I think you miss the point s/he's making: back in the 90's we were much less reliant on computers than today, much more cash based. It would have been a wake-up call, today it would be a calamity.


The 90s were not that long ago, we should restore and document and know the old cash-based ways while we still have those experts and those workers with us. Great thread and reminder about these things.


I would like to think that the servers that run ACH networks, IBM mainframes that actually store your account balance, etc are shielded from CME and even an EMP.

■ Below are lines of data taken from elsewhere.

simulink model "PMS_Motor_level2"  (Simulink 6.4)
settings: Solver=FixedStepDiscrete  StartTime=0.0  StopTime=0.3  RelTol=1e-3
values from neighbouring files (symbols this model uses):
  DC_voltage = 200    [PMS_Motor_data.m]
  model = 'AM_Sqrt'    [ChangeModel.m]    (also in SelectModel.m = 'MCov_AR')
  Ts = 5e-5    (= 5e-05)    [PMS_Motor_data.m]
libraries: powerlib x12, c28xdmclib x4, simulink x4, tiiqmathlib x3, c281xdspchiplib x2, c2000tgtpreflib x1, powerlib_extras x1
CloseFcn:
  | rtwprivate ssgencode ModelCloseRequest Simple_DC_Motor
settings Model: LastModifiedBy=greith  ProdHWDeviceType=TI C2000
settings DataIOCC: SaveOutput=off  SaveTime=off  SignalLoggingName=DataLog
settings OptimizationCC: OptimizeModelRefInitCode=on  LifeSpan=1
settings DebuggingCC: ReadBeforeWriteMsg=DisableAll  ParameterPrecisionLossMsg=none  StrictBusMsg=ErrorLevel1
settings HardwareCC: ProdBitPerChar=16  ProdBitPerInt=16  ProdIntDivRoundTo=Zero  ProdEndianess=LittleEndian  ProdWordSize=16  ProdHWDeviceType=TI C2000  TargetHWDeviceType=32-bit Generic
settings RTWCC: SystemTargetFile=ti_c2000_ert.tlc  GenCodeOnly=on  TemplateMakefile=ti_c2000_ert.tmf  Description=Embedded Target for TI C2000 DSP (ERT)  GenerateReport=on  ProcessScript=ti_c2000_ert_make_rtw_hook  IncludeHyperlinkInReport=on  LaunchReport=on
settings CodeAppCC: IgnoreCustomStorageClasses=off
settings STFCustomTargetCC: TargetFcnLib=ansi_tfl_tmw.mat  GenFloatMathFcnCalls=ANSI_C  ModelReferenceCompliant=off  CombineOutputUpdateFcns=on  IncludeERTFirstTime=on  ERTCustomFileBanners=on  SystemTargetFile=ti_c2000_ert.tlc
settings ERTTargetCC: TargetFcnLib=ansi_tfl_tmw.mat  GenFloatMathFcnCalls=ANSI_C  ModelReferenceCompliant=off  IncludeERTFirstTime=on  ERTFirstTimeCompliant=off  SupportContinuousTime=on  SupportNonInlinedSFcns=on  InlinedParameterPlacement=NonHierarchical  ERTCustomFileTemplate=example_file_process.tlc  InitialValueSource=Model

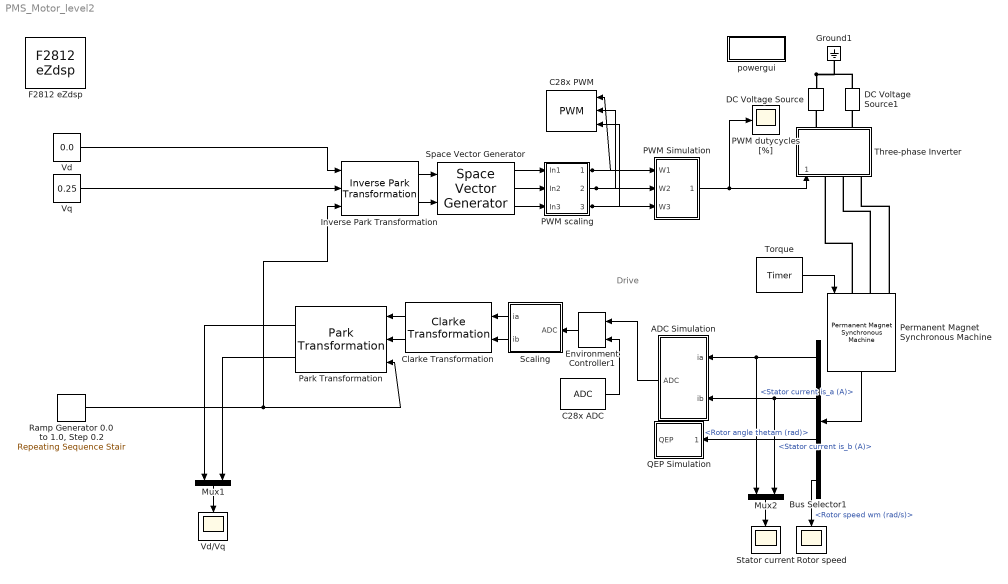
== system PMS_Motor_level2 ==
  note: Drive
  ADC Simulation : Subsystem  Orientation=left
  Bus Selector1 : BusSelector  Orientation=left  OutputSignals=Stator current is_a (A),Stator current is_b (A),Rotor angle thetam (rad),Rotor speed wm (rad/s)
  C28x ADC : c281xdspchiplib/ADC  useModule=A  useMode=Sequential  sourceSOC=Software  Ts=-1  dType=uint16  postInterrupt=off  numConversionsSingle=3  numConversionsDouble=1  conv0=ADCINB0  conv1=ADCINB1  conv2=ADCINB2  conv3=ADCINB3  conv4=ADCINA4  conv5=ADCINA5  conv6=ADCINB6  conv7=ADCINA7  conv8=ADCINB0  conv9=ADCINB1  conv10=ADCINB2  conv11=ADCINB3  conv12=ADCINB4  conv13=ADCINB5  conv14=ADCINB6  conv15=ADCINB7  convAB0=ADCINA0 and ADCINB0  convAB1=ADCINA1 and ADCINB1  convAB2=ADCINA5 and ADCINB5  convAB3=ADCINA1 and ADCINB1  convAB4=ADCINA1 and ADCINB1  convAB5=ADCINA1 and ADCINB1  convAB6=ADCINA1 and ADCINB1  convAB7=ADCINA1 and ADCINB1  convA0=ADCINA0  convA1=ADCINA1  convA2=ADCINA7  convA3=ADCINA3  convA4=ADCINA4  convA5=ADCINA5  convA6=ADCINA6  convA7=ADCINA7  convB0=ADCINB0  convB1=ADCINB1  convB2=ADCINB2  convB3=ADCINB3  convB4=ADCINB4  convB5=ADCINB5  convB6=ADCINB6  convB7=ADCINB7  c28xmultiPort=off
  C28x PWM : c281xdspchiplib/PWM  Orientation=left  useModule=A  timerSource=Specify via dialog  timerPeriod=(2^12)+1  waveformType=Symmetric  periodUnits=Clock cycles  unit1Status=on  unit1Source=Input port  unit1Value=4096  unit2Status=on  unit2Source=Input port  unit2Value=4096  unit3Status=on  unit3Source=Input port  unit3Value=4096  dutyCycleUnits=Clock cycles  logicSource=Specify via dialog  unit1_1Logic=Active high  unit1_2Logic=Active low  unit2_1Logic=Active high  unit2_2Logic=Active low  unit3_1Logic=Active high  unit3_2Logic=Active low  enableDeadband1=on  enableDeadband2=on  enableDeadband3=on  deadbandPrescaler=8  deadbandPeriodSource=Specify via dialog  deadbandPeriod=15  adcstartEvent=None
  Clarke Transformation : c28xdmclib/Clarke Transformation  Orientation=left
  DC Voltage Source : powerlib/Electrical Sources/DC Voltage Source  Orientation=down  SystemSampleTime=-1  Amplitude=DC_voltage  Measurements=None
  DC Voltage Source1 : powerlib/Electrical Sources/DC Voltage Source  Orientation=up  SystemSampleTime=-1  Amplitude=DC_voltage  Measurements=None
  Environment Controller1 : simulink/Signal Routing/Environment Controller  Orientation=left  SystemSampleTime=-1
  F2812 eZdsp : c2000tgtpreflib/F2812 eZdsp  Tag=C2000 TARGET PREFERENCES BLOCK  SystemSampleTime=-1
  Ground1 : powerlib/Elements/Ground  Orientation=up  PhysicalDomain=powersysdomain  SubClassName=unknown  LeftPortType=p1  RightPortType=p1  LConnTagsString=a
  Inverse Park Transformation : c28xdmclib/Inverse Park Transformation
  Mux1 : Mux  Orientation=down  Inputs=2
  Mux2 : Mux  Orientation=down  Inputs=2
  PWM Simulation : Subsystem
  PWM dutycycles [%] : Scope
      settings: TimeRange=1.8  YMin=0.35  YMax=0.625  SaveName=ScopeData4
  PWM scaling : Subsystem
  Park Transformation : c28xdmclib/Park Transformation  Orientation=left
  Permanent Magnet Synchronous Machine : powerlib/Machines/Permanent Magnet Synchronous Machine  Orientation=down  SystemSampleTime=-1  FluxDistribution=Sinusoidal  MechanicalLoad=Torque Tm  PresetModel=No  ShowDetailedParameters=on  Resistance=1.6  Inductance=8.5e-3  dqInductances=[0.006365 0.006365]  Flux=0.1852  Flat=120  Mechanical=[0.0001854 5.396e-005 1]
  QEP Simulation : Subsystem  Orientation=left
  "Ramp Generator 0.0 to 1.0, Step 0.2" : simulink/Sources/Repeating Sequence Stair  SystemSampleTime=-1  OutValues=[0.0:0.0005:1.0]  tsamp=0.00005  OutputDataTypeScalingMode=Specify via dialog  OutDataType=sfix(32)  ConRadixGroup=Use Specified Scaling  OutScaling=2^-17
  Rotor speed : Scope
      settings: Orientation=down  TimeRange=4.5  YMin=-150  YMax=1000
  Scaling : Subsystem  Orientation=left
  Space Vector Generator : c28xdmclib/Space Vector Generator
  Stator current : Scope
      settings: Orientation=down  TimeRange=0.5567010309278351  YMin=0  YMax=4000  SaveName=ScopeData6
  Three-phase Inverter : Subsystem  Orientation=up  AncestorBlock=AC2DriveInternalModels/Three-phase Inverter (average model)  mask(SPSdrives Converter){Device=IGBT / Diodes, SnubberResistance=500, SnubberCapacitance=1e-9, Ron=1e-3, ForwardVoltages=[1.2,1.2], GTOparameters=[10e-6,20e-6], IGBTparameters=[1e-6,2e-6], converterType=Inverter}
      mask prompts: SnubberResistance "Snubber resistance Rs (Ohms)"; SnubberCapacitance "Snubber capacitance Cs (F)"; Ron "Ron (Ohms)"; ForwardVoltages "Forward voltages  [ Device Vf(V) , Diode Vfd(V)]"; GTOparameters "GTO parameters"; IGBTparameters "[  Tf (s) , Tt (s)  ]"; converterType "Converter type:"
      mask help: This block represents an average-value three-phase inverter. "Duty" contains the duty cycles [alpha_a,alpha_b,alpha_c] of the three inverter arms.
      mask StyleString: popup(Diodes|Thyristors|GTO / Diodes|MOSFET / Diodes|IGBT / Diodes|Ideal Switches),edit,edit,edit,edit,edit,edit,popup(Rectifier|Inverter)
      mask Display: plot(0,0,100,100,[39 39 23.8],[71 28 28],[44 56 49.6 56 52.8 56 61 61],[39.2 33.6 32.8 33.6 40.8 33.6 30 12.4],[44 44 44 61 61],[28 71 60 66.4 90],[75 67 83 75 67 83 75 75],[54 42 42 54 54 54 54 66],[61 75 75],[24 24 42],[75 75 61],[66,76,76])
  Torque : powerlib_extras/Control  Blocks/Timer  SystemSampleTime=-1  t=[0 5]  e=[-5 5]
  Vd : Constant  Value=0.0  OutDataTypeMode=Specify via dialog  OutDataType=sfix(32)  ConRadixGroup=Use specified scaling  OutScaling=2^-17  SampleTime=inf  FramePeriod=inf
  Vd/Vq : Scope
      settings: Orientation=down  TimeRange=0.5567010309278351  YMin=0  YMax=4000
  Vq : Constant  Value=0.25  OutDataTypeMode=Specify via dialog  OutDataType=sfix(32)  ConRadixGroup=Use specified scaling  OutScaling=2^-17  SampleTime=inf  FramePeriod=inf
  powergui : Subsystem  AncestorBlock=powerlib/powergui  InitFcn=|  mask(PSB option menu block){SimulationMode=Discrete, SampleTime=5e-5, echomessages=off, x0status=blocks, Frange=[0:2:500], Ylog=off, Xlog=on, ShowGrid=off, save=off, variable=ZData, structure=, ZoomFFT=on, StartTime=0.0, cycles=1, DisplayStyle=1, fundamental=60, FreqAxis=off, MaxFrequency=1000, frequencyindice=1, frequencyindicesteady=1, RmsSteady=1, display=off, Ts=0, frequency=60, methode=off}
      | powerguiblock = gcb;                                        
      | blk = get_param(powerguiblock,'blocks');                    
      | NbBlocks = length(blk);                                     
      | if NbBlocks>2                                               
      | % clean-up:                                                 
      | for m=1:NbBlocks-2                                          
      | delete_block([powerguiblock,'/EquivalentModel',num2str(m)]);
      | end                                                         
      | end
      mask prompts: SimulationMode "General parameter: Simulation Mode"; SampleTime "General parameter: Sample Time"; echomessages "General parameter: Echo  Messages"; x0status "Initial electrical states status"; Frange "Impedance tool: Frequency Range"; Ylog "Impedance tool: Log impedance"; Xlog "Impedance tool: log Frequency"; ShowGrid "Impedance tool: grid"; save "Impedance tool: Save Data To Workspace"; variable "Impedance tool: Variable Name"; structure "Structure Name (PSBFFTSCOPE)"; ZoomFFT "ZoomFFT (PSBFFTSCOPE)"; StartTime "Start Time (PSBFFTSCOPE)"; cycles "Cycles (PSBFFTSCOPE)"; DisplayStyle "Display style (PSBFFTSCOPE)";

But the vulnerable side then becomes the power grid and Internet backbone. Part of a resilient disaster plan would be to allow ACH and other payment traffic to take priority if we were relegated to a low bandwidth connection. If we cannot transfer money, we will collapse, plain as that, once panic over food security sets in.

An EE friend said that we do not have enough transformers to replace if a critical number of them fried. Substation level components could be a huge bottleneck if we had another Carrington event.


I know for a fact at least one insurance company’s IBM aix mainframes are in an underground emp proof (faraday cage which connects through the door) vault.


In which no one follows the protocols, so someone ran an extension cord into the cage, because some supervisor couldn't charge his phone in there.

Or something similar.


That was one of the big problems in Puerto Rico in 2017 - all the credit/debit card systems were out and almost nobody had money.